TASK REQUIREMENTS -
Look through the records, and wherever the string "height" turns up, copy out that line.

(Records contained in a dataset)
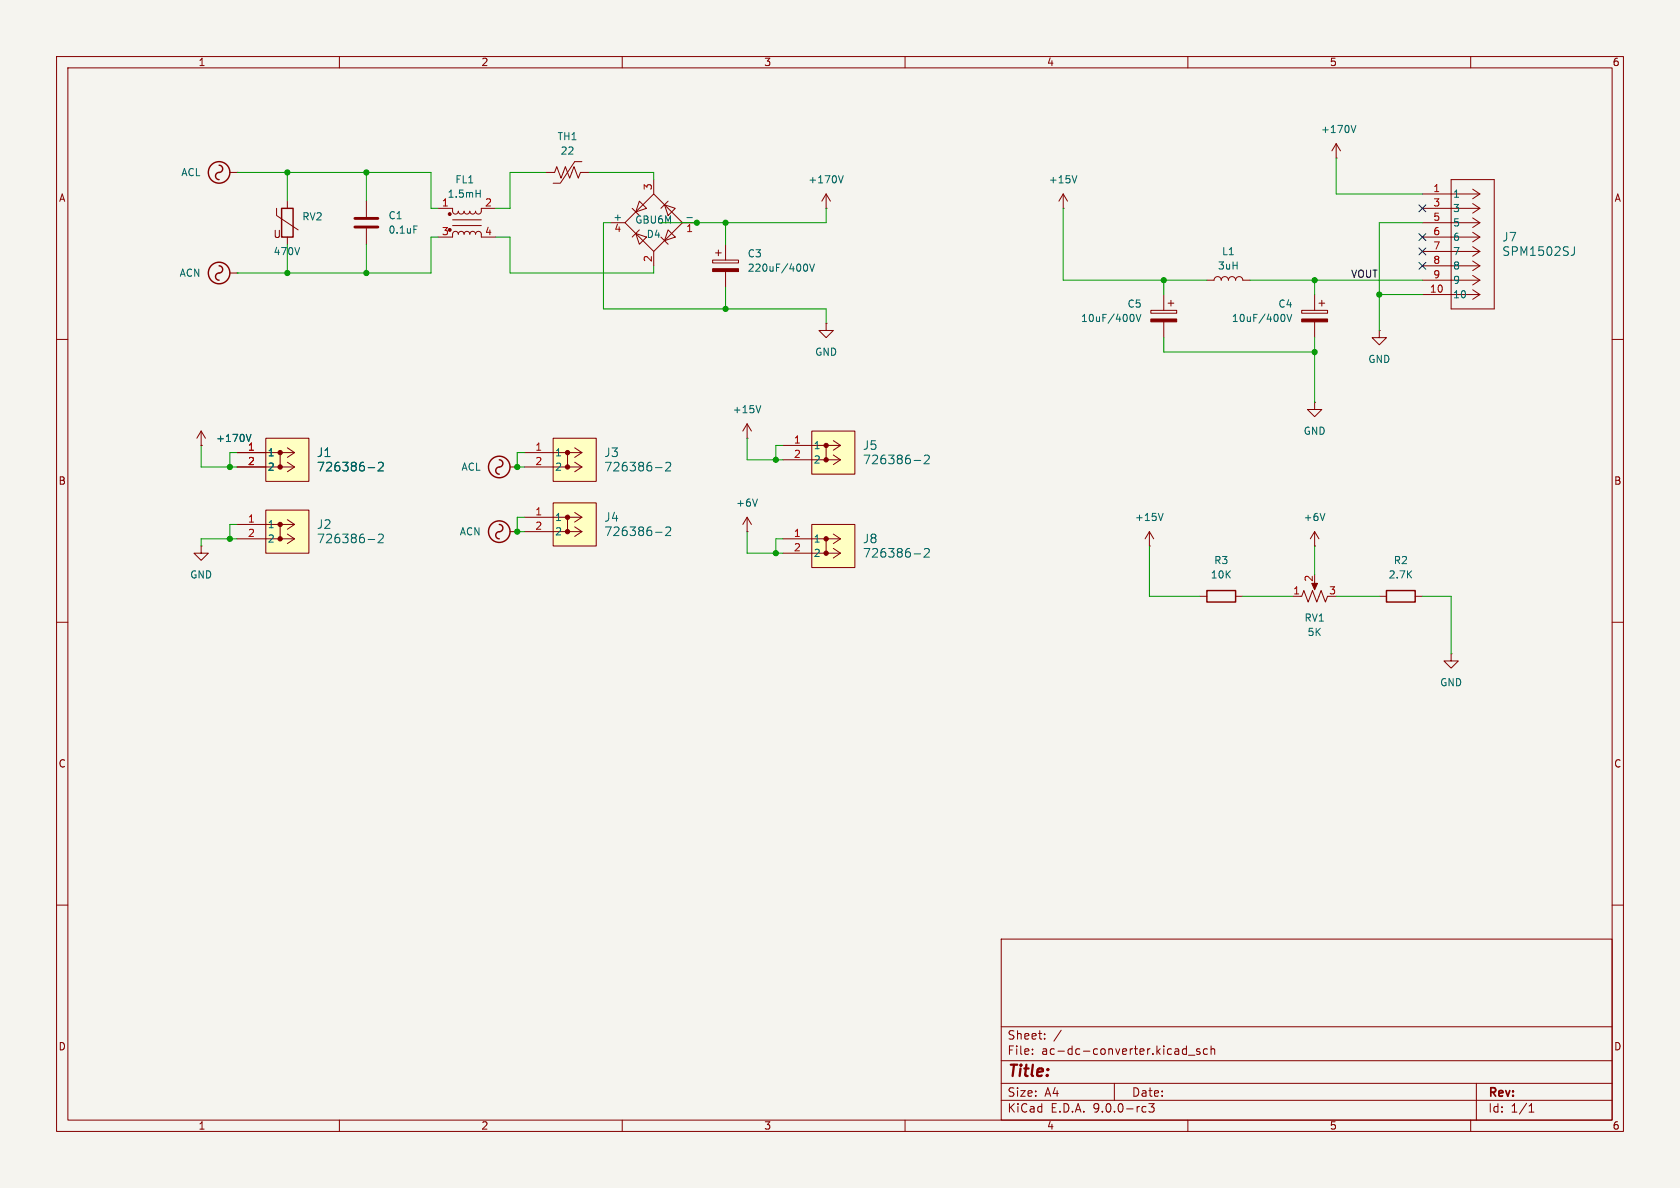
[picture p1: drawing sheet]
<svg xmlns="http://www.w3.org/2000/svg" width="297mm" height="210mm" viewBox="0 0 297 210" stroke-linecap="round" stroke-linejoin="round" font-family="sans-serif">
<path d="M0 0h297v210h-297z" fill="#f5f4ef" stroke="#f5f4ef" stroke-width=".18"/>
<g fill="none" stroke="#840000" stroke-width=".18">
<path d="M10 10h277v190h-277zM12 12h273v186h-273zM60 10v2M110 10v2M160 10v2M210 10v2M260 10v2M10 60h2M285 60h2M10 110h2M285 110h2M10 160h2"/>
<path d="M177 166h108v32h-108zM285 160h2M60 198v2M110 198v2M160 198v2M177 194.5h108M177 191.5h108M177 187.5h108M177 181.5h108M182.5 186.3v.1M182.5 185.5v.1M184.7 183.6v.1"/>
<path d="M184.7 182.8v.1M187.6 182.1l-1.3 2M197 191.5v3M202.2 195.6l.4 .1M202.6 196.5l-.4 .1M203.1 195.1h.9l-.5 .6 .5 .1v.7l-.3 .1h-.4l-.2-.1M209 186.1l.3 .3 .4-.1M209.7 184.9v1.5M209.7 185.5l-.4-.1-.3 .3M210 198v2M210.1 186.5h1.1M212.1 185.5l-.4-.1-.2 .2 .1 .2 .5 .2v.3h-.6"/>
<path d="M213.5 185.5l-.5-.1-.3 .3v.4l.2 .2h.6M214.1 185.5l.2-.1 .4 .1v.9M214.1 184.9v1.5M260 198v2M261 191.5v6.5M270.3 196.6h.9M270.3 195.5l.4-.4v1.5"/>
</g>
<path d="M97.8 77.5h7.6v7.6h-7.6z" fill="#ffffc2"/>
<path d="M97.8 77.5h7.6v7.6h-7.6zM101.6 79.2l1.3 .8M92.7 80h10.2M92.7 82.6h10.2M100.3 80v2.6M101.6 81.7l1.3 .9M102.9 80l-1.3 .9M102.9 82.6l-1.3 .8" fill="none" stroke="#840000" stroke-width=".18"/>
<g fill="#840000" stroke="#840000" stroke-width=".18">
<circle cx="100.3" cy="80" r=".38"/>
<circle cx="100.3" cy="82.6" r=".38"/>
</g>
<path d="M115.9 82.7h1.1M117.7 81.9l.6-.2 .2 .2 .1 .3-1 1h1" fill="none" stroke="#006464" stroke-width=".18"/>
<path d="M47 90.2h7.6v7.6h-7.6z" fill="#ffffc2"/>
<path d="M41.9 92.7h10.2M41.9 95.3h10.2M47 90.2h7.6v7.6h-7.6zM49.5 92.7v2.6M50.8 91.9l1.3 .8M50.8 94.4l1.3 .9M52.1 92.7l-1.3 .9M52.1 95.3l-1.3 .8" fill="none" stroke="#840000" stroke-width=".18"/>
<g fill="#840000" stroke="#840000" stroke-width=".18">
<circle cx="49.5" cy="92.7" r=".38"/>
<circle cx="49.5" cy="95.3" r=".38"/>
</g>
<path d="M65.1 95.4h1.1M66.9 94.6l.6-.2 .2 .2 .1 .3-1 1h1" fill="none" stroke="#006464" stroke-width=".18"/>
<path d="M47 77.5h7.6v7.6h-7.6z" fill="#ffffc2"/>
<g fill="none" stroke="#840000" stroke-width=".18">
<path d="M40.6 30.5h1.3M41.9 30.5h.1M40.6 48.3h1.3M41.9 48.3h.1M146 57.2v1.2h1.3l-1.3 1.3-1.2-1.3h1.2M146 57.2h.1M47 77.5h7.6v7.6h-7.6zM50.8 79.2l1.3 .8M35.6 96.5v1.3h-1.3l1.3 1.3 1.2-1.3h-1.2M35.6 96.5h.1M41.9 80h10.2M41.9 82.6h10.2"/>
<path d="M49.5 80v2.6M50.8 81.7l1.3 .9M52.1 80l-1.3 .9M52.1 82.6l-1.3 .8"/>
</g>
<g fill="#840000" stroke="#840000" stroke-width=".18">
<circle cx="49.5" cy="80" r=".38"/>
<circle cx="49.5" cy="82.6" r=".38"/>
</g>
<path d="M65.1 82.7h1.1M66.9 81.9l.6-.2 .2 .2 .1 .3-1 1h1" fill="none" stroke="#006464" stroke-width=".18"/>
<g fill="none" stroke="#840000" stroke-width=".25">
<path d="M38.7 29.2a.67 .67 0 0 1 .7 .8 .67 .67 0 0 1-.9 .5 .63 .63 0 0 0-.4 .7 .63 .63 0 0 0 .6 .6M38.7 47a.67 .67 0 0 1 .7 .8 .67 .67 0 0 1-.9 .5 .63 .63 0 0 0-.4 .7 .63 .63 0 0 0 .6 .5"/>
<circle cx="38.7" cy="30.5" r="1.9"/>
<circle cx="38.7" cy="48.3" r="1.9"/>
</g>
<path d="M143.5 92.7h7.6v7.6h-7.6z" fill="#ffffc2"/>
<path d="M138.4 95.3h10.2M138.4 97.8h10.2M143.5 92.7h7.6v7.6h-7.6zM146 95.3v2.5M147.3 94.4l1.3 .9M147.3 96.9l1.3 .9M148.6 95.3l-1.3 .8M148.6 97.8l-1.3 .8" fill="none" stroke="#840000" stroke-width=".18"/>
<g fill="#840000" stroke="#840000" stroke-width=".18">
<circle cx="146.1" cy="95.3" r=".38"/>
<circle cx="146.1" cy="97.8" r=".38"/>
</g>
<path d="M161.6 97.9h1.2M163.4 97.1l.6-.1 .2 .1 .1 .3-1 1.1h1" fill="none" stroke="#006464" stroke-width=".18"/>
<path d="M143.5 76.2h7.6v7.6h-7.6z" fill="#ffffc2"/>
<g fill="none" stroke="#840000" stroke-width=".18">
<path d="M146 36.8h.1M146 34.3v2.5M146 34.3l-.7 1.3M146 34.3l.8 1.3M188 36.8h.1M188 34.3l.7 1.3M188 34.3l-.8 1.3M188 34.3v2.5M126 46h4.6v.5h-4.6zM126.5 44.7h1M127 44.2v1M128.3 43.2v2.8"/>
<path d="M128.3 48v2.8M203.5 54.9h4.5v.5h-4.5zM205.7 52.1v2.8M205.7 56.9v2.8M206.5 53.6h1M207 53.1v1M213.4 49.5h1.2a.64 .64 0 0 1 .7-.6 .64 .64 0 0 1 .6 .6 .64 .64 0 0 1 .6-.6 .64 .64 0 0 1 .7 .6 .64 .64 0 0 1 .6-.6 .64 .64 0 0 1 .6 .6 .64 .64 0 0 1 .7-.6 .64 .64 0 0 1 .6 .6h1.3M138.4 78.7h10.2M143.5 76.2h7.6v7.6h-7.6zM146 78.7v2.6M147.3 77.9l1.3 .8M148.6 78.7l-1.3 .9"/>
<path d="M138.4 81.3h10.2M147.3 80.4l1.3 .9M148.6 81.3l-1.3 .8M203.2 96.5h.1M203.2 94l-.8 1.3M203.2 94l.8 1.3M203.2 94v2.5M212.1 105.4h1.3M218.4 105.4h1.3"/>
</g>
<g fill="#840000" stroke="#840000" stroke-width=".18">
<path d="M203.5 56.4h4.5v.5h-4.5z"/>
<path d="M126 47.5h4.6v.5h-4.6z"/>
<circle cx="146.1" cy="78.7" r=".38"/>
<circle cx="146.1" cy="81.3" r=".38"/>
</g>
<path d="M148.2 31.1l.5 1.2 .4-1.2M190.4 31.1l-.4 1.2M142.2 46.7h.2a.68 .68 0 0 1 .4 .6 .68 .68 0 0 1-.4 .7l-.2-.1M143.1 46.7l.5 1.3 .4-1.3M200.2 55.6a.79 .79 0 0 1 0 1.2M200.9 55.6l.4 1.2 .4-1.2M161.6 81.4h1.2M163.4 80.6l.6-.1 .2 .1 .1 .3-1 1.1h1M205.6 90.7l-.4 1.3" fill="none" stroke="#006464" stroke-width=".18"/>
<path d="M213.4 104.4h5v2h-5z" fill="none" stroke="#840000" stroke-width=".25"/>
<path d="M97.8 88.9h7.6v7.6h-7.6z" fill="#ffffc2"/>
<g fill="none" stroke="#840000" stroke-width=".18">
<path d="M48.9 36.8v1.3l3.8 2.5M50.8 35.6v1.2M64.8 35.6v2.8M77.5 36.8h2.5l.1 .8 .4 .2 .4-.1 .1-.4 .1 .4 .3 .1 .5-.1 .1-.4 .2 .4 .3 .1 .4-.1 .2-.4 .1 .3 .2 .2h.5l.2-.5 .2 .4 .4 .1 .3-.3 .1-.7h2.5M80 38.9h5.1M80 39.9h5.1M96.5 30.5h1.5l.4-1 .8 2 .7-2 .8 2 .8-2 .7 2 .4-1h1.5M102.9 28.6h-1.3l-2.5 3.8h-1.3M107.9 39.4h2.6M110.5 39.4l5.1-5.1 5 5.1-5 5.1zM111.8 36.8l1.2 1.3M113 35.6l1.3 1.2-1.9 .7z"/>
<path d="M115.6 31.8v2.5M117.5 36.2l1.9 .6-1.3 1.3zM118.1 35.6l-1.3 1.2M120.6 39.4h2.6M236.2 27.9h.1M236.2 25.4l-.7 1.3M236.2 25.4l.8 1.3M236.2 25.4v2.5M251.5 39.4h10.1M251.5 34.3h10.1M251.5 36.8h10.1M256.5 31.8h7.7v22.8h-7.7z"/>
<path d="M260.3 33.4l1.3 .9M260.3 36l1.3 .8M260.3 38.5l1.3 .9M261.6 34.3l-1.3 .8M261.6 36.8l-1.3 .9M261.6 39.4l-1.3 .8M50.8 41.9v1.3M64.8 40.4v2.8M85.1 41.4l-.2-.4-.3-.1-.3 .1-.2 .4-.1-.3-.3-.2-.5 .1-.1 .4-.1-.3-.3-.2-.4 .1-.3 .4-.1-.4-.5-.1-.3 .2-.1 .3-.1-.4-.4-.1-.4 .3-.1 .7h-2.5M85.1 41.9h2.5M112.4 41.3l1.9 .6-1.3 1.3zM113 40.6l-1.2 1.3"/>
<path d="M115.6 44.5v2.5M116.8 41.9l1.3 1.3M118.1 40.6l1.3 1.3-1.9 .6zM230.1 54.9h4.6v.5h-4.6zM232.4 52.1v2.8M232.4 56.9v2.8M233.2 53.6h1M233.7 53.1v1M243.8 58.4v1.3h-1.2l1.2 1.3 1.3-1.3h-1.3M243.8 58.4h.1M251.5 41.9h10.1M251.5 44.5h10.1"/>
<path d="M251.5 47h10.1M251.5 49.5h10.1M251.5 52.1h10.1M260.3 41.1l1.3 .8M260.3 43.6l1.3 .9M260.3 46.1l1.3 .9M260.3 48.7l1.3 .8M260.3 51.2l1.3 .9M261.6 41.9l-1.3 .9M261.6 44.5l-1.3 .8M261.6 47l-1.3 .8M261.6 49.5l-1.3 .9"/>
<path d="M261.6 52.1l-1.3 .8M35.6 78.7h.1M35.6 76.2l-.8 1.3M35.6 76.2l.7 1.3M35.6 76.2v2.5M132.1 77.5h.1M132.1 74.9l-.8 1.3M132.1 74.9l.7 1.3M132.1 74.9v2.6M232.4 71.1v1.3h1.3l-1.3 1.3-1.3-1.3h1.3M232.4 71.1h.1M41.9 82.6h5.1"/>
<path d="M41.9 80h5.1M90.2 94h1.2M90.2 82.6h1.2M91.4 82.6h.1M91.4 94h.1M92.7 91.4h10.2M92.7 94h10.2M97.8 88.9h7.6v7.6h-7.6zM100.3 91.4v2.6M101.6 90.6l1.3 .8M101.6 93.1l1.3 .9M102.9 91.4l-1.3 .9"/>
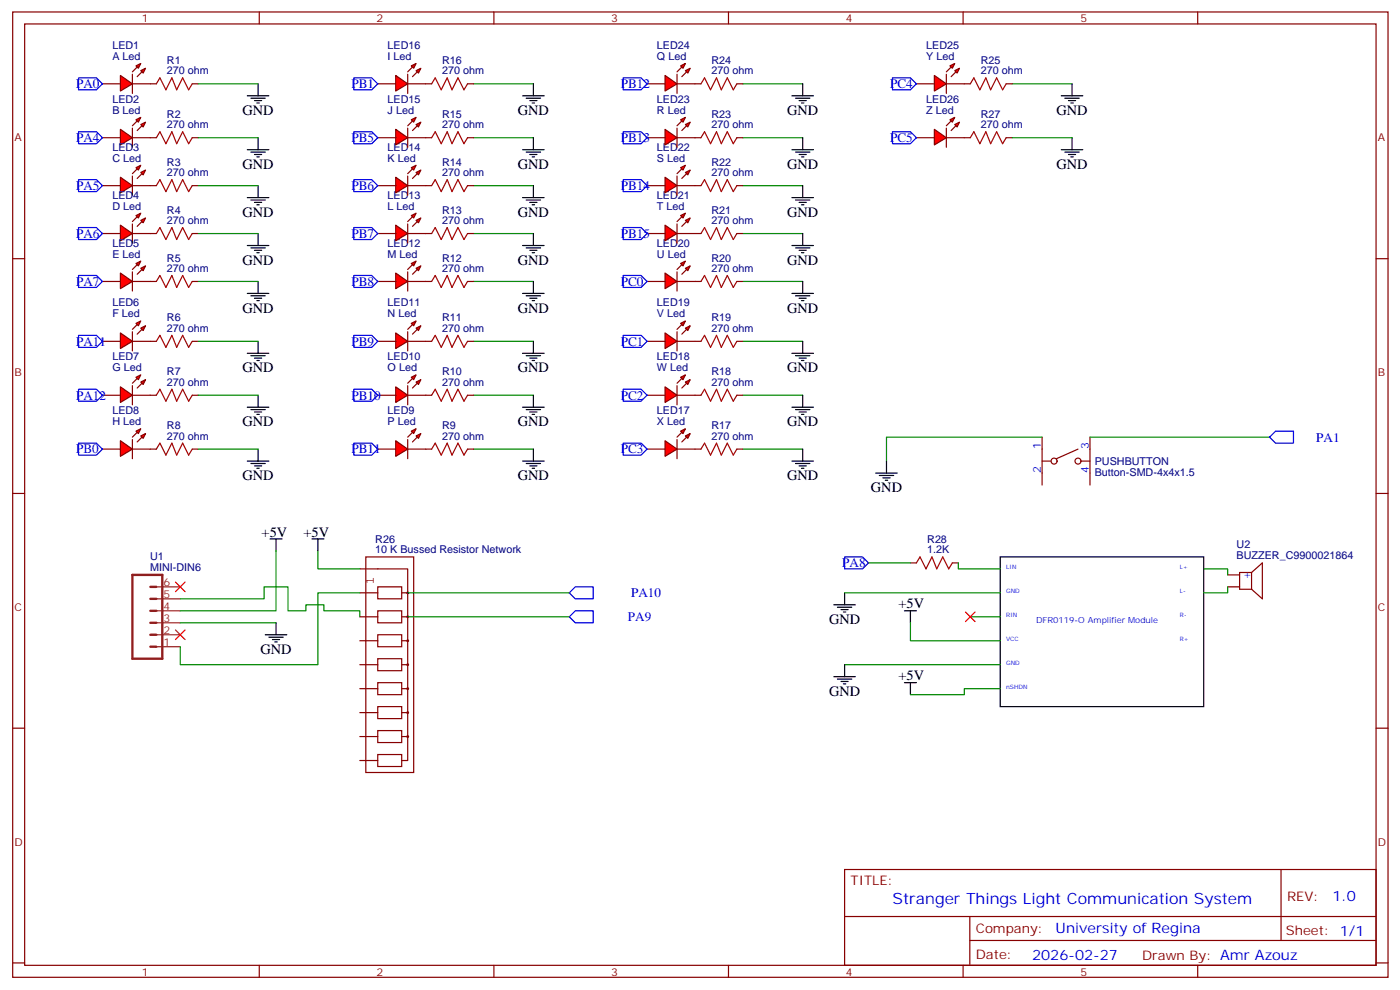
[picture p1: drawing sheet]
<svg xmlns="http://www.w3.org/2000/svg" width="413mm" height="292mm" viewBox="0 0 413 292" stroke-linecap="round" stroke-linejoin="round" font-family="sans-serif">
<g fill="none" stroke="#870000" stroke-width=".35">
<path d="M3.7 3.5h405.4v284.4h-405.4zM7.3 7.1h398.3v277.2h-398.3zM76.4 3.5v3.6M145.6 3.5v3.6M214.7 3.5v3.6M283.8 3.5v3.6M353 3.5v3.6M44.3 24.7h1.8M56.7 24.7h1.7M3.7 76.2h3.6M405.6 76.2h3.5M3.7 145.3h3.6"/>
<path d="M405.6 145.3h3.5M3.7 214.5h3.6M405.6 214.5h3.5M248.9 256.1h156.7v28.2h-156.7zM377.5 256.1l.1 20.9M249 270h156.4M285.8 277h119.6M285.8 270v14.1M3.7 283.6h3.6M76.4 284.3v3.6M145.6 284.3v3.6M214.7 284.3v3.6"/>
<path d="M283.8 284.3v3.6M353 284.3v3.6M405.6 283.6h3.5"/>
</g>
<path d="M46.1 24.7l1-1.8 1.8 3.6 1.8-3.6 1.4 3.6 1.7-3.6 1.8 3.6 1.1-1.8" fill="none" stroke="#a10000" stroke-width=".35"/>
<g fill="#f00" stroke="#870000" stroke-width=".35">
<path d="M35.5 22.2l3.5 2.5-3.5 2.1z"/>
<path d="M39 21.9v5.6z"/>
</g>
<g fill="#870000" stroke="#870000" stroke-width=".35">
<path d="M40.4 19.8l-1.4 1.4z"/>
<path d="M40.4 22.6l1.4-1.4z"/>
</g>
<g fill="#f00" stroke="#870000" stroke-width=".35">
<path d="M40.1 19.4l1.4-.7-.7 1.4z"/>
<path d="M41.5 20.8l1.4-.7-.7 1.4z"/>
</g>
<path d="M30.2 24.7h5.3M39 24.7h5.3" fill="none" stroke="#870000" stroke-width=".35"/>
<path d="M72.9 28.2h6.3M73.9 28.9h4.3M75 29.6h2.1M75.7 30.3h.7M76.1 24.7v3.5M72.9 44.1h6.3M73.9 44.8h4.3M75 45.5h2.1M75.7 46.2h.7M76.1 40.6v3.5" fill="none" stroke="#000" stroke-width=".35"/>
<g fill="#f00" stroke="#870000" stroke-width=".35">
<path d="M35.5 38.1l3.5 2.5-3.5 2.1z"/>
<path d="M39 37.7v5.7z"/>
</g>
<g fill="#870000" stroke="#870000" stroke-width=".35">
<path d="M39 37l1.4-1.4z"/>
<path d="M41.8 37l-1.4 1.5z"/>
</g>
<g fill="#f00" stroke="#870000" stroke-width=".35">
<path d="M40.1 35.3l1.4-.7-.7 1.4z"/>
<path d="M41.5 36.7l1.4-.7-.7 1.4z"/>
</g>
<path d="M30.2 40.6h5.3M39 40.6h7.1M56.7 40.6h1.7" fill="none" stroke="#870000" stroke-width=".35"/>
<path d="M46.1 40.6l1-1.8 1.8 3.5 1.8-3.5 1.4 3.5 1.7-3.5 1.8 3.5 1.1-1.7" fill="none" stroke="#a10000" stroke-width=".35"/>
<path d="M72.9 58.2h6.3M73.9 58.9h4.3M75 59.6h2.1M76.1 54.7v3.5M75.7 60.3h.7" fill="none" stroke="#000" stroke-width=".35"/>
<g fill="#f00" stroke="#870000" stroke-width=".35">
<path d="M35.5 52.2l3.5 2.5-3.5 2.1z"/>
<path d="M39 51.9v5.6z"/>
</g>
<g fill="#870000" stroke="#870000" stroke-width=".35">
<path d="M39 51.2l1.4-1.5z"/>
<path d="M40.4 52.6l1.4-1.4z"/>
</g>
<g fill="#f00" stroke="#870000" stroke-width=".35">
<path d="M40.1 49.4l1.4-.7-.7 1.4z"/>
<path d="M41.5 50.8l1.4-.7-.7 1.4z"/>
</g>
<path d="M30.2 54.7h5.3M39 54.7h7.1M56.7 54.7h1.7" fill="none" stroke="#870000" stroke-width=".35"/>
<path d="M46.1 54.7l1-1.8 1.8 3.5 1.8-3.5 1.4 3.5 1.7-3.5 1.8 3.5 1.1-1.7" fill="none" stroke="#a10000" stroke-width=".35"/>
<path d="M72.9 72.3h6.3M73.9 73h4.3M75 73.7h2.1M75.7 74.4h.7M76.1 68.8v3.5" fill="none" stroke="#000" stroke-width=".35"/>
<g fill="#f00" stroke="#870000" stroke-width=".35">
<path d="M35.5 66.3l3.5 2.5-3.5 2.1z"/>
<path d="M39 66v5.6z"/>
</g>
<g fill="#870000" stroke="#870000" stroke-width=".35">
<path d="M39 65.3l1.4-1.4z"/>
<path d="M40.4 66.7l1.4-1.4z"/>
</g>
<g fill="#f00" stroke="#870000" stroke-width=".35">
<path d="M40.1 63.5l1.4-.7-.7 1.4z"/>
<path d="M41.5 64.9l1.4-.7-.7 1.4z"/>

REPLY TO THE EXERCISE -
<svg xmlns="http://www.w3.org/2000/svg" width="297mm" height="210mm" viewBox="0 0 297 210" stroke-linecap="round" stroke-linejoin="round" font-family="sans-serif">
<svg xmlns="http://www.w3.org/2000/svg" width="413mm" height="292mm" viewBox="0 0 413 292" stroke-linecap="round" stroke-linejoin="round" font-family="sans-serif">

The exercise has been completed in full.